_Task statement_.
From the entries that follow, list every line in which the string "tube" appears.

___ Material for this exercise

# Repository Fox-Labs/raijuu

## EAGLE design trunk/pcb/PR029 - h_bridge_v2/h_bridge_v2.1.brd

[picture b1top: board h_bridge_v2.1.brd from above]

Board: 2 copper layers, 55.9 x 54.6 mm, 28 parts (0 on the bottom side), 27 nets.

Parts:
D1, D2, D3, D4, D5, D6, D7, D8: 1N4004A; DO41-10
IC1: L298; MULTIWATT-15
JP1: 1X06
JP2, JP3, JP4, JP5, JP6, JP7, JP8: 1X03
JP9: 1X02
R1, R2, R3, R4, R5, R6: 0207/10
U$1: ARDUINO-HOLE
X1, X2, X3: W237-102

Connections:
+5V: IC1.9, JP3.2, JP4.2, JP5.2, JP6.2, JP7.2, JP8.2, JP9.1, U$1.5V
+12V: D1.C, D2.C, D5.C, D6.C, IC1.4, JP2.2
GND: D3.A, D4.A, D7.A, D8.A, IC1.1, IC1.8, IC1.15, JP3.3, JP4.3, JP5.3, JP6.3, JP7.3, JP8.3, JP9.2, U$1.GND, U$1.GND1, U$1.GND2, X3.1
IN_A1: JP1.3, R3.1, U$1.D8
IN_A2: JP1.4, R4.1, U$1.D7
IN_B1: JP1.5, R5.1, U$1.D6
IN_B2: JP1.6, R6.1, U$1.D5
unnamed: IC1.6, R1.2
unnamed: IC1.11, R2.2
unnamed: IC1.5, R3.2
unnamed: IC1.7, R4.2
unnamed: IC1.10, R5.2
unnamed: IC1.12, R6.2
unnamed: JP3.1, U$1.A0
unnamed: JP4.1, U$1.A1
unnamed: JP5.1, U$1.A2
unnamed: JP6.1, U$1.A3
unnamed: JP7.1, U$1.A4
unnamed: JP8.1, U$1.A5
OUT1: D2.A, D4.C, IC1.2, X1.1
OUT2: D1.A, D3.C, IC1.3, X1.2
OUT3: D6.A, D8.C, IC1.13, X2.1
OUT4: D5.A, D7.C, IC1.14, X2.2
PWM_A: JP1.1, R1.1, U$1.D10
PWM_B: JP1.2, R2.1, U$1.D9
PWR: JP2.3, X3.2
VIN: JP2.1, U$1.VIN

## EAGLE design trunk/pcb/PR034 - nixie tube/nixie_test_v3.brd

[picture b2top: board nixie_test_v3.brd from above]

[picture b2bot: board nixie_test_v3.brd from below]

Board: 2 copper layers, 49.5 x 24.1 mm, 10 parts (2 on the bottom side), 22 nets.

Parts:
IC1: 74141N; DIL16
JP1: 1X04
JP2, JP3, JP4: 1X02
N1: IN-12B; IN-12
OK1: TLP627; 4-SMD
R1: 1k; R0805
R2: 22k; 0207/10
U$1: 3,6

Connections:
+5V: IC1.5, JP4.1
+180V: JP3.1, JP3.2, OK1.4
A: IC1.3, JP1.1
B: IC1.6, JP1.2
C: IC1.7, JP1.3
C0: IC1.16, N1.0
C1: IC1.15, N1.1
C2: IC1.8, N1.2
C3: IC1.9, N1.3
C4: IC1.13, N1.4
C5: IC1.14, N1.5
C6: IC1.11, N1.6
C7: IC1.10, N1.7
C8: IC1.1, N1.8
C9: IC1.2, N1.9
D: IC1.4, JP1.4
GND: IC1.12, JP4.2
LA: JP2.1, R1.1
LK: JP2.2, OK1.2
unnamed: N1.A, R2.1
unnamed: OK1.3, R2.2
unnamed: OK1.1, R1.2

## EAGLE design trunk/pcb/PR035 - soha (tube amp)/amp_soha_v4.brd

______

_Written response_.
## EAGLE design trunk/pcb/PR034 - nixie tube/nixie_test_v3.brd
## EAGLE design trunk/pcb/PR035 - soha (tube amp)/amp_soha_v4.brd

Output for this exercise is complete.